Here is the core of the tracing logic. It logs process ID, command, destination IP:port, and the protocol.
```c
// This is a simplified skeleton of the eBPF program (TCPSnoop)
SEC("tracepoint/syscalls/sys_enter_connect")
int trace_connect_entry(struct trace_event_raw_sys_enter *ctx) {
u16 port = 0;
u32 addr = 0;
// ... logic to pull sockaddr from ctx->args[1]
// ... resolve PID, TGID, command from current task struct
// Push event to a perf buffer
bpf_perf_event_output(ctx, &events, BPF_F_CURRENT_CPU, &data, sizeof(data));
return 0;
}
```
The raw log after 24 hours of the agent running its "normal" workload revealed over 15 distinct FQDNs and IP ranges being contacted. The vast majority were not for core functionality. Here is the breakdown of what was *actually* necessary versus what was requested:
* **Required for basic function:**
* `metrics-collector.internal.cluster.local:8443` – Our internal metrics gateway.
* `region-1.control-plane.vendor.com:443` – For initial heartbeat and config fetch (could be restricted to a specific IP range).
* `k8s-api-server:443` – For pod metadata (already internal).
* **Declared as required by vendor docs but entirely unused:**
* `download.vendor.com` – For "auto-updates" (disabled in our config).
* `telemetry.vendor.com` – For "product improvement" (disabled).
* `status.vendor.com` – For "status checks".
* **Completely undocumented and suspicious:**
* Connections to two separate IPs in a public cloud block on port `8883` (MQTT).

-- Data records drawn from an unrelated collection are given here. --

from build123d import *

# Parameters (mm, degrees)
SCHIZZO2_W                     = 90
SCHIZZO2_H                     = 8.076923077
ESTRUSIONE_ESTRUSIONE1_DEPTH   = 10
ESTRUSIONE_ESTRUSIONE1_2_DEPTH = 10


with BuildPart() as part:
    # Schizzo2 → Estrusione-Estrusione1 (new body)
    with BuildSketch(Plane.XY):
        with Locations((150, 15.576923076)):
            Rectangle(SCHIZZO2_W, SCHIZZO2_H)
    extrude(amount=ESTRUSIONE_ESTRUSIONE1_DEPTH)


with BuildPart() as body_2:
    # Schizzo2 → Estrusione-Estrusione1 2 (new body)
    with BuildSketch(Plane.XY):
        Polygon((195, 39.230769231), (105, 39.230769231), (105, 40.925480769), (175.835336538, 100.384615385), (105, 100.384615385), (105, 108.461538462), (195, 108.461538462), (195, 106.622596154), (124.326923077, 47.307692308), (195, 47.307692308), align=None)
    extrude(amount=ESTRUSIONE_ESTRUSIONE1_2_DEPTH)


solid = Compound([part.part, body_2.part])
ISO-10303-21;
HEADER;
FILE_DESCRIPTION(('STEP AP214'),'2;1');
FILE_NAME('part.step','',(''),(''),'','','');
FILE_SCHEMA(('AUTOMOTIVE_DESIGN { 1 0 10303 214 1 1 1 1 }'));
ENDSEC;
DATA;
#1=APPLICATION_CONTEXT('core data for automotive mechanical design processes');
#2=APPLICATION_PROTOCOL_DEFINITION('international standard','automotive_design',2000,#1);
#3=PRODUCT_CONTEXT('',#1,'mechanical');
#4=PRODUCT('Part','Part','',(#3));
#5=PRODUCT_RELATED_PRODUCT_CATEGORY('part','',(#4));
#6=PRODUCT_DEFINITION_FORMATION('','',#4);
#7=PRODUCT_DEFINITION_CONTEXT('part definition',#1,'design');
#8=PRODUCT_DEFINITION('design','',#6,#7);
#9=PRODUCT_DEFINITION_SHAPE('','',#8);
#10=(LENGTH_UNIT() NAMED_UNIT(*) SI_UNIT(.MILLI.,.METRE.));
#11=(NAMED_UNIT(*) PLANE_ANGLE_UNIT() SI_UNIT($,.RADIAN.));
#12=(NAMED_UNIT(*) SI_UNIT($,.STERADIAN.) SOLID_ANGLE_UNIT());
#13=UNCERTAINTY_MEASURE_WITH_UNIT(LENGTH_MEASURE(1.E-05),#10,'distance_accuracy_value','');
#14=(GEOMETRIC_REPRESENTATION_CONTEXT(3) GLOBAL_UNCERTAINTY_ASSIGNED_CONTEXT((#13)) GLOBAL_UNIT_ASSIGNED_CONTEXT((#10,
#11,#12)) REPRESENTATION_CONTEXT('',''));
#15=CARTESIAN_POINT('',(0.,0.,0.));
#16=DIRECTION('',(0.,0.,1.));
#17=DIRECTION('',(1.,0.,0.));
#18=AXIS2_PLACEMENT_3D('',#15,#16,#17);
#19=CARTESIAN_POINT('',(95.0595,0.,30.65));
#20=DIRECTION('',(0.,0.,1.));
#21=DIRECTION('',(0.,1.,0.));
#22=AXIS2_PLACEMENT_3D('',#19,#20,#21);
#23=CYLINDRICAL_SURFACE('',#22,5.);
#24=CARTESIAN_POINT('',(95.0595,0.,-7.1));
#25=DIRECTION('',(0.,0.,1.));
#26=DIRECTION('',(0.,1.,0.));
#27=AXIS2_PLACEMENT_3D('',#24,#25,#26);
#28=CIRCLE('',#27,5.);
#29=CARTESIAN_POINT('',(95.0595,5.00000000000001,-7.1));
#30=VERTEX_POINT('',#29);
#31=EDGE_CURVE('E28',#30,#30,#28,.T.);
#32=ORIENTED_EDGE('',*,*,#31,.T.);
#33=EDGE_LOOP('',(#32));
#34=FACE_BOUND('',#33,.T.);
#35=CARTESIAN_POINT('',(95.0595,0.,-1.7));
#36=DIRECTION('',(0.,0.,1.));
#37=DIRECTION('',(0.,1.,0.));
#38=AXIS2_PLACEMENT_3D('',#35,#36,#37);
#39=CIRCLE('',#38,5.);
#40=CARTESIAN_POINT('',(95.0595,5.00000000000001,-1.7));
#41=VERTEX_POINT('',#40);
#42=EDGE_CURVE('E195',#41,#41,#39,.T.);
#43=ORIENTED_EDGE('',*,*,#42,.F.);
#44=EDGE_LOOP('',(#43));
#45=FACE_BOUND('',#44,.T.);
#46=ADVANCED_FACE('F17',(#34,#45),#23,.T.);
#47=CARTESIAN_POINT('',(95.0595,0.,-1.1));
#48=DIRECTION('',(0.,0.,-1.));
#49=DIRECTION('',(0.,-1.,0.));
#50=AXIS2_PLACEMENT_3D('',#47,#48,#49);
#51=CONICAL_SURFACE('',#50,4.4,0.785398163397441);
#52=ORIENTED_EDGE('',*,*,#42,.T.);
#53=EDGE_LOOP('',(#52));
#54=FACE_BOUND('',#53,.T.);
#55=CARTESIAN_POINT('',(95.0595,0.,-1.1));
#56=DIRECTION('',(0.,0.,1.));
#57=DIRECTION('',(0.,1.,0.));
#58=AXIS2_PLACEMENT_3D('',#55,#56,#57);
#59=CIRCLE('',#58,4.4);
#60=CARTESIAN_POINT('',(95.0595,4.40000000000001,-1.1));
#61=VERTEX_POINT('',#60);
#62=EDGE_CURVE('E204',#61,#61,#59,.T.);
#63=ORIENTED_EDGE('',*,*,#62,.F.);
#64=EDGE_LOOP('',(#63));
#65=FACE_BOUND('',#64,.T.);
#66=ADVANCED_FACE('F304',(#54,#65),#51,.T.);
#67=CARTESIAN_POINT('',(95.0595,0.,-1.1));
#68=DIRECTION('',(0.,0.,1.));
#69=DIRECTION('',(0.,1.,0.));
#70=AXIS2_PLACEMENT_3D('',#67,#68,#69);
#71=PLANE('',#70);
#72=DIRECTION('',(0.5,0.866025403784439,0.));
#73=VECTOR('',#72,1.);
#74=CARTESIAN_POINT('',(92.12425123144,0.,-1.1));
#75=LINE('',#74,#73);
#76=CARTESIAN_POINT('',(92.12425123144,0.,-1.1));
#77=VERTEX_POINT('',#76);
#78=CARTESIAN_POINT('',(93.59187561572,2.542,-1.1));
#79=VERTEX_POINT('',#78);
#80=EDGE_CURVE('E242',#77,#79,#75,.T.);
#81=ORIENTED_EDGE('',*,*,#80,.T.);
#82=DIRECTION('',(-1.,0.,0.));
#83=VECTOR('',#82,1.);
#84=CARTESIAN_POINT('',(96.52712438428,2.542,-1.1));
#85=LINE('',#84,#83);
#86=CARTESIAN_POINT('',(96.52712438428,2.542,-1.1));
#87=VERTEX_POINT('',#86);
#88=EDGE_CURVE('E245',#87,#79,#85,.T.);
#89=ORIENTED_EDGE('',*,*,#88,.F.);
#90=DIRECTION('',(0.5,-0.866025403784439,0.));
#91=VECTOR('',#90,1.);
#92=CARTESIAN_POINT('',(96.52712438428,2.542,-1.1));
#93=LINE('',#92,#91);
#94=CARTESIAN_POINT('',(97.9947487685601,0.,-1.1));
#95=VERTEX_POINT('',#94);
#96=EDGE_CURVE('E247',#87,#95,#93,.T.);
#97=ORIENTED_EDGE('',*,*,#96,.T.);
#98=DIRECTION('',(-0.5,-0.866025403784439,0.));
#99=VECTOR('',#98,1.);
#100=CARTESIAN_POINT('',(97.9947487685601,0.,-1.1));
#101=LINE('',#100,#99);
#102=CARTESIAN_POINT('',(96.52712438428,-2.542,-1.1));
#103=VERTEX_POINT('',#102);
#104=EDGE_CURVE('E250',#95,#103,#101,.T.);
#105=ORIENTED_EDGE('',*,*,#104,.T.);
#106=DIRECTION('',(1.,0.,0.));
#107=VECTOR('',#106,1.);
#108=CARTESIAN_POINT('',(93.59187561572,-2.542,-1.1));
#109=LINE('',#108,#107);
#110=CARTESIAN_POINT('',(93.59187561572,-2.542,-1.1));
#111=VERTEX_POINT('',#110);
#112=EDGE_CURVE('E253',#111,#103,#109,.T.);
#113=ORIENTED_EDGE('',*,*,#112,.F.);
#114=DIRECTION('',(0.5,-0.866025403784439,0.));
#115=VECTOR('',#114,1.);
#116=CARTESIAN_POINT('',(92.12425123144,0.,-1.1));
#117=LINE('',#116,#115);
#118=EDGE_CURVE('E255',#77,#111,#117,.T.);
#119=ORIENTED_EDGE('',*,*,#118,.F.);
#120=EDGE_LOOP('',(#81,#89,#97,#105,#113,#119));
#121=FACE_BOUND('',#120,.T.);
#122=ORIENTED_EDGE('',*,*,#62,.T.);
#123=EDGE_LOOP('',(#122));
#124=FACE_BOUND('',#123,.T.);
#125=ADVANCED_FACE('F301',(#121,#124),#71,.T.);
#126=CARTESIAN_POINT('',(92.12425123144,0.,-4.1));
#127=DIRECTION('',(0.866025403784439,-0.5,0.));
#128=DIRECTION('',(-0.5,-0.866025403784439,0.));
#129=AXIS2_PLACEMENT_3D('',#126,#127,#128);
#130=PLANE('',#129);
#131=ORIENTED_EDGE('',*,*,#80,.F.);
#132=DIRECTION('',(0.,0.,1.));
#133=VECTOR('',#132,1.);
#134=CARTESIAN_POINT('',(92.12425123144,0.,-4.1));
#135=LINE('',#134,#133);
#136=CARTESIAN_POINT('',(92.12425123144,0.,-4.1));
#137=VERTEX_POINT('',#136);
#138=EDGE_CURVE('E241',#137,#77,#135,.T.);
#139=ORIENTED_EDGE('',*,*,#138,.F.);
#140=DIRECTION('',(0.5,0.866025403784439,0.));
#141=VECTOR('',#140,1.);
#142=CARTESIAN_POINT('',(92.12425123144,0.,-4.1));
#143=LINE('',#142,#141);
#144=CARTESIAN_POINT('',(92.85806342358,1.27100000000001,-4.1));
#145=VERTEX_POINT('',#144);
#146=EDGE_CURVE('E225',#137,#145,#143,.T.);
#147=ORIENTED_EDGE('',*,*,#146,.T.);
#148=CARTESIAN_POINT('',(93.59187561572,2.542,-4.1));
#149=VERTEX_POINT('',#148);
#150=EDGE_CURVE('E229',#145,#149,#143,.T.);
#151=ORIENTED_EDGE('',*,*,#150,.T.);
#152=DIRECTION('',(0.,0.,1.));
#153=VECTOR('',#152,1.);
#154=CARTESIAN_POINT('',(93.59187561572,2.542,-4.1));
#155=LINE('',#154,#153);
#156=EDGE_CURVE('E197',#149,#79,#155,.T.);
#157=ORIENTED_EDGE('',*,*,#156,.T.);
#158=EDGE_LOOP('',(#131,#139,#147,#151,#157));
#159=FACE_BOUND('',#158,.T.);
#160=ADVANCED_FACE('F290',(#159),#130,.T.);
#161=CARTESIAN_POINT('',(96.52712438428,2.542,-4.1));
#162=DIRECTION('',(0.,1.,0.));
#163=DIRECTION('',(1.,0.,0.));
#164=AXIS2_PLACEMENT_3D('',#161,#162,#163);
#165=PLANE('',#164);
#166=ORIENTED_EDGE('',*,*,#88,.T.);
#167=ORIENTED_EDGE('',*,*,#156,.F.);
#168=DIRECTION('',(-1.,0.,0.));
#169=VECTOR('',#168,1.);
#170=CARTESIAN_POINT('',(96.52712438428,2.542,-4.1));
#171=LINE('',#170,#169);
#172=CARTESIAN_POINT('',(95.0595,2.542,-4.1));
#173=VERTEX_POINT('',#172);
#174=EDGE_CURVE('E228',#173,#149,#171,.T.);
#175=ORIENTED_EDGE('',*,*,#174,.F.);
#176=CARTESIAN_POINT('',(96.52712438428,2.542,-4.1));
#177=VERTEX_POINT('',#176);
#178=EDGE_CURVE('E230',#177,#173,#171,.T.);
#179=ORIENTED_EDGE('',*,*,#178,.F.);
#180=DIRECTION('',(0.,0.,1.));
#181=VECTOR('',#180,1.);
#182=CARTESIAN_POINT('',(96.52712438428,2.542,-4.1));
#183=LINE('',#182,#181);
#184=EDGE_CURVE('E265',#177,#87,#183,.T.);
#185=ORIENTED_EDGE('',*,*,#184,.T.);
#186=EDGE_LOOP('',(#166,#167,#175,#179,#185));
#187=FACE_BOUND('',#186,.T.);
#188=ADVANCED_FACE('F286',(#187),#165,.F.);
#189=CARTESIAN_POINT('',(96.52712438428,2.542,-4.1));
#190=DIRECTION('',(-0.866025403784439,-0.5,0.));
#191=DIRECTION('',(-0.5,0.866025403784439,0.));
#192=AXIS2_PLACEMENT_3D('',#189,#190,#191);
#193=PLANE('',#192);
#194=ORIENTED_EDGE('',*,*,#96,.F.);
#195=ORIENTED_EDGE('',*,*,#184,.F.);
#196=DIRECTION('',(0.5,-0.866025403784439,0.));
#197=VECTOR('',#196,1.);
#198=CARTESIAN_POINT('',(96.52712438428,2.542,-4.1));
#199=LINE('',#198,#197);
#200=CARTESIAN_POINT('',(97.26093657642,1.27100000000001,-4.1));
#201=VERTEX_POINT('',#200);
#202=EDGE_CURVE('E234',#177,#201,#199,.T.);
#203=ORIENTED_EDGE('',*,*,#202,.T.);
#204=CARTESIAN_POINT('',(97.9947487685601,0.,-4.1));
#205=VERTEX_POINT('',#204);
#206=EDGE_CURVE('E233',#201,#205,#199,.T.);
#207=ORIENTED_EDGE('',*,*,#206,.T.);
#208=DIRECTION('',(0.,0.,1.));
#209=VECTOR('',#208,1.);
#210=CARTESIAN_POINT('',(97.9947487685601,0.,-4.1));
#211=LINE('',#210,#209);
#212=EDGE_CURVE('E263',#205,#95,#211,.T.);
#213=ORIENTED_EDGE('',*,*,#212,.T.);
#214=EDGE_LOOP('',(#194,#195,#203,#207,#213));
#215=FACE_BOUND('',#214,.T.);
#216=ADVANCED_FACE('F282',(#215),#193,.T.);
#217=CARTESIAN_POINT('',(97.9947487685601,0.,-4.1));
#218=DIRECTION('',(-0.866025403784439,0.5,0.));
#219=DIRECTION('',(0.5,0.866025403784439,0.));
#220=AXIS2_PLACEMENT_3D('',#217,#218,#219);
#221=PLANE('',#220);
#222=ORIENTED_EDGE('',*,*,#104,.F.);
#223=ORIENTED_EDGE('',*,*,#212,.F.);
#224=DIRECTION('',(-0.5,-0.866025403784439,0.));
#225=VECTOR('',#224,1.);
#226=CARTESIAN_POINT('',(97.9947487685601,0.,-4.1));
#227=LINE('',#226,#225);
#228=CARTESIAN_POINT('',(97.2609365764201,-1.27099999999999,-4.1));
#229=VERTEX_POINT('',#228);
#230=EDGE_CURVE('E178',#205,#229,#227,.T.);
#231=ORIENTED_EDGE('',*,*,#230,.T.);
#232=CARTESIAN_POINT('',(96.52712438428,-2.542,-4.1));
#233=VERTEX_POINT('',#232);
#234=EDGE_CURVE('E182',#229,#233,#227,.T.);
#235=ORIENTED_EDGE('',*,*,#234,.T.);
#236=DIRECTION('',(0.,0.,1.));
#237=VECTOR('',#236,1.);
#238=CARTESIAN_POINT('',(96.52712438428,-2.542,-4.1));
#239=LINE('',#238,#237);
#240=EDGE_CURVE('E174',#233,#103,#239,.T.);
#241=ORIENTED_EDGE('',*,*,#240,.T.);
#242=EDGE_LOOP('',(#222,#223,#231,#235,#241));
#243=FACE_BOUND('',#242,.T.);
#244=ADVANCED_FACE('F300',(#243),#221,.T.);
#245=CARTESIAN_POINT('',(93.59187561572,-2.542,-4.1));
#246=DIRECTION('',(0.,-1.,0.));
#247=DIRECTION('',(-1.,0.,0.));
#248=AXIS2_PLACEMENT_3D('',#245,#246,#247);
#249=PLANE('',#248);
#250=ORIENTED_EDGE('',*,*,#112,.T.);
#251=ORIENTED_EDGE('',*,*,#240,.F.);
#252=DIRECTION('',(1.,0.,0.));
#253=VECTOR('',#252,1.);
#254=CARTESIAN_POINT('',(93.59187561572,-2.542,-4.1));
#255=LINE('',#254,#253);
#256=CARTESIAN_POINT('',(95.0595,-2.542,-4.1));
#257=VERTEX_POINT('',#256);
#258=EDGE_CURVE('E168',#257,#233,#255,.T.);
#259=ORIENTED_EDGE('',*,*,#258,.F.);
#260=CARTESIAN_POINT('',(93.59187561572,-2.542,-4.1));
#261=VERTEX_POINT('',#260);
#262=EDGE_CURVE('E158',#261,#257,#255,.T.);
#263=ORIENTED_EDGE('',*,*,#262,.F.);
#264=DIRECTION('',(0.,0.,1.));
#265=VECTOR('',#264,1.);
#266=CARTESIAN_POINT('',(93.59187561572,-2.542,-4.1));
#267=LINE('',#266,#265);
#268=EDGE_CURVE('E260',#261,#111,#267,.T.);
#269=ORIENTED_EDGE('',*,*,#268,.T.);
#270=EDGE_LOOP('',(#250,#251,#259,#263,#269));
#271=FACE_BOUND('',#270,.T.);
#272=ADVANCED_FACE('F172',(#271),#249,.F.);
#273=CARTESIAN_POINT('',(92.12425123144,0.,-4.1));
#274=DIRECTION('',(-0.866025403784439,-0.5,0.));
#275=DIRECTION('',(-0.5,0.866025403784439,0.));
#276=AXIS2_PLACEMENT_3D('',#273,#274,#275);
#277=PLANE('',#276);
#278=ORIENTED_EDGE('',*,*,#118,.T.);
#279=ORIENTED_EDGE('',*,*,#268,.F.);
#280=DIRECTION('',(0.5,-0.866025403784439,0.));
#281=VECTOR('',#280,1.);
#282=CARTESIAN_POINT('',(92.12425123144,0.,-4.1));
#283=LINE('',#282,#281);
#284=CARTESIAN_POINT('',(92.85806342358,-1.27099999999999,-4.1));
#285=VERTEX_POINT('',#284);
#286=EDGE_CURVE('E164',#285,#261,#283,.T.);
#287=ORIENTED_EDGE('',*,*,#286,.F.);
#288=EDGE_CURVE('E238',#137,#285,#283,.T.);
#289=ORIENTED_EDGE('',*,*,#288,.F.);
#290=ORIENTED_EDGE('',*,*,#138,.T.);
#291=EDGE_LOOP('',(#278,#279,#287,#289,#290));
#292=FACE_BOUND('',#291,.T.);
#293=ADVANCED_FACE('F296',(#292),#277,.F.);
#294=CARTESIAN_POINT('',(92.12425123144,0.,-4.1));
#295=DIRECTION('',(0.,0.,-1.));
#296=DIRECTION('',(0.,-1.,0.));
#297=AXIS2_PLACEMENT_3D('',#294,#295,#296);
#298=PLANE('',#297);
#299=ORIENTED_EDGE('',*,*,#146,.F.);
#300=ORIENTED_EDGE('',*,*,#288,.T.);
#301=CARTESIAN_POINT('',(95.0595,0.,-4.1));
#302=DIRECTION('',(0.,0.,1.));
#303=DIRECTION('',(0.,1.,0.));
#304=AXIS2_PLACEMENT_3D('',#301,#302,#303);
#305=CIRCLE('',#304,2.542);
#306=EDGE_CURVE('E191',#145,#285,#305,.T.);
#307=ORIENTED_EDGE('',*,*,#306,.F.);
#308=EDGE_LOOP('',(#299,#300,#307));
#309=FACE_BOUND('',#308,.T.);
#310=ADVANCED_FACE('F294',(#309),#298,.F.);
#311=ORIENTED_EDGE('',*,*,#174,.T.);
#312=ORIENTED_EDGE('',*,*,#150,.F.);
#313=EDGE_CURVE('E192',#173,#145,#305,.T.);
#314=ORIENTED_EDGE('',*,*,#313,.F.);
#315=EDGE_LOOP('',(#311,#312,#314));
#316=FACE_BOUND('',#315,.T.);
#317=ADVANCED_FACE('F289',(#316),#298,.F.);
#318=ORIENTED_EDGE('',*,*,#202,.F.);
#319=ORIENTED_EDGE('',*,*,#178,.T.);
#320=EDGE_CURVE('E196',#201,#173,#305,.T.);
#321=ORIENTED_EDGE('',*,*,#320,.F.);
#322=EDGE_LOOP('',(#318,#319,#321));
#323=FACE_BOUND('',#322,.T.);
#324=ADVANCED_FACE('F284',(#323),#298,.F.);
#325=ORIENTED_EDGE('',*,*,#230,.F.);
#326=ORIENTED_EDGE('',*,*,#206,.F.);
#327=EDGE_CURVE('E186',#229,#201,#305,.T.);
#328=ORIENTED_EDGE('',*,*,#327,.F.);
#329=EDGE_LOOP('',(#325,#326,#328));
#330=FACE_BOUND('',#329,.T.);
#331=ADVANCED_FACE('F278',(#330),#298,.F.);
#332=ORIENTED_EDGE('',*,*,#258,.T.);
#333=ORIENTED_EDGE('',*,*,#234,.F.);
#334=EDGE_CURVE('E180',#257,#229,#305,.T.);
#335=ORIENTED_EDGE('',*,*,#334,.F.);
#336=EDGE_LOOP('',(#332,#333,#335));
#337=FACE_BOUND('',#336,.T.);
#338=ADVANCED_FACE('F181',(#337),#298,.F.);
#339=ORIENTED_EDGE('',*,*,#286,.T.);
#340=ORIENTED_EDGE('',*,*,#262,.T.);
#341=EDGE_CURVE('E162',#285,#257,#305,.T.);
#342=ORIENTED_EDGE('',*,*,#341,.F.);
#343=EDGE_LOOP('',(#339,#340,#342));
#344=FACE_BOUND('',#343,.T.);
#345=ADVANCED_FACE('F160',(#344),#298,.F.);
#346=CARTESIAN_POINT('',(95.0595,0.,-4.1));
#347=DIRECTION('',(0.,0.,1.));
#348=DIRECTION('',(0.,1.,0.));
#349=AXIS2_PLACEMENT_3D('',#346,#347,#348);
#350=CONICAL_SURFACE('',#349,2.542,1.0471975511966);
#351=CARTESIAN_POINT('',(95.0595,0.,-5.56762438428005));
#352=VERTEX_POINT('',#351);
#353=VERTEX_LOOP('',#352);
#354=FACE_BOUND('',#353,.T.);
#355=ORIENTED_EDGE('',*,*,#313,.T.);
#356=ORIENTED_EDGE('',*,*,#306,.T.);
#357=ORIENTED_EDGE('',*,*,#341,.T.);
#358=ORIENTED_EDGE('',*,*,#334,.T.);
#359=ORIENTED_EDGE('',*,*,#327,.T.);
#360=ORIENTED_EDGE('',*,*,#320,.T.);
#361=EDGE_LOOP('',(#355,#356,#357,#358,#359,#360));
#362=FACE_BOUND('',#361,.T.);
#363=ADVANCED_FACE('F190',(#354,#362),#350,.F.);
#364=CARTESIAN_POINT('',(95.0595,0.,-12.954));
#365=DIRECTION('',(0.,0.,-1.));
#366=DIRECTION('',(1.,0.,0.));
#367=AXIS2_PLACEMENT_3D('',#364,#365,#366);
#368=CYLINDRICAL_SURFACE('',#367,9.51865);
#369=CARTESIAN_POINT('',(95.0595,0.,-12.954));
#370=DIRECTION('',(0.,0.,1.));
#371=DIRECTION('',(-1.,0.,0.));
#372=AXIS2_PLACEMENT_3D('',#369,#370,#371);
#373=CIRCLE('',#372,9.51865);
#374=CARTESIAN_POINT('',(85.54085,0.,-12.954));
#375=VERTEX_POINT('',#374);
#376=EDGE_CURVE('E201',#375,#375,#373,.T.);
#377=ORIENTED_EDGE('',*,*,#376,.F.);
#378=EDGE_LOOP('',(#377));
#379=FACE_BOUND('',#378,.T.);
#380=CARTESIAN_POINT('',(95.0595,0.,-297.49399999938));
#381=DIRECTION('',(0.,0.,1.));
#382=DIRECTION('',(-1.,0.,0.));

* Periodic DNS lookups for `pool.ntp.org` (the container has a read-only `/etc/localtime` and we provide NTP servers via pod spec).
The actionable takeaway: Your allowlist design must start from zero egress, then build from observed necessity, not vendor paperwork. This sidecar is now a permanent fixture in our agent deployment pipeline. Every new version gets a 72-hour observation period in the staging environment before its network policy is hardened and pushed to production.
The next step is to convert these logs into automated, version-controlled NetworkPolicy manifests. If the agent attempts a new outbound connection after an update, the sidecar logs it, the pipeline flags it, and a human has to justify the addition to the allowlist. No more blind trust.
- Leo
Least privilege, always.
Oh wow, that's a really clever approach. I've seen people try to do this with tcpdump at the pod level, but the context gets so messy. Using eBPF to tie it directly to the process is brilliant.
Did you find any of the outbound calls were truly surprising, or was it mostly the expected telemetry and update servers? I'm wondering how many "normal" agents have hidden pings for license checks or customer success metrics.
This is exactly why I'm into nano agents - you can audit every single line. Makes me want to adapt your sidecar for a little JS-based monitoring tool I run.
~Anna
The eBPF approach is clean for attribution, but you have to be careful about the blind spots. It won't show you connections that bypass the syscall, like a library using a raw socket. I've seen agents do that for "heartbeats" they don't want logged.
>mostly the expected telemetry and update servers
Yes, but the volume was the surprise. One agent was phoning a metrics endpoint every 30 seconds with a full payload, not a simple ping. That's a data exfiltration risk if the endpoint gets compromised.
Nano agents are fine for your own code, but the real problem is vendor bloat. Even if you audit every line of a nano agent, you're still surrounded by other containers making calls you didn't code. The sidecar shows you the actual attack surface, which is almost always bigger than the documented one.
STRIDE or bust
That's a slick method. Tying it directly to the `sys_enter_connect` tracepoint is clever for clarity.
You mentioned the vendor network policies are a joke. Once you got that raw log of 15+ FQDNs, did you try to actually map them back to a *legitimate* purpose from the vendor's docs? I'm curious if there's even a facade of justification, or if they're just completely undocumented callbacks.
Also, why do you think vendors do this? Just sloppiness, or is there a business reason to hide egress calls?
That's a great question about mapping the calls back to the docs. I tried that once with a different agent, and it was a dead end. The documentation just said "requires internet connectivity for core functions" with no port or domain list. No facade at all.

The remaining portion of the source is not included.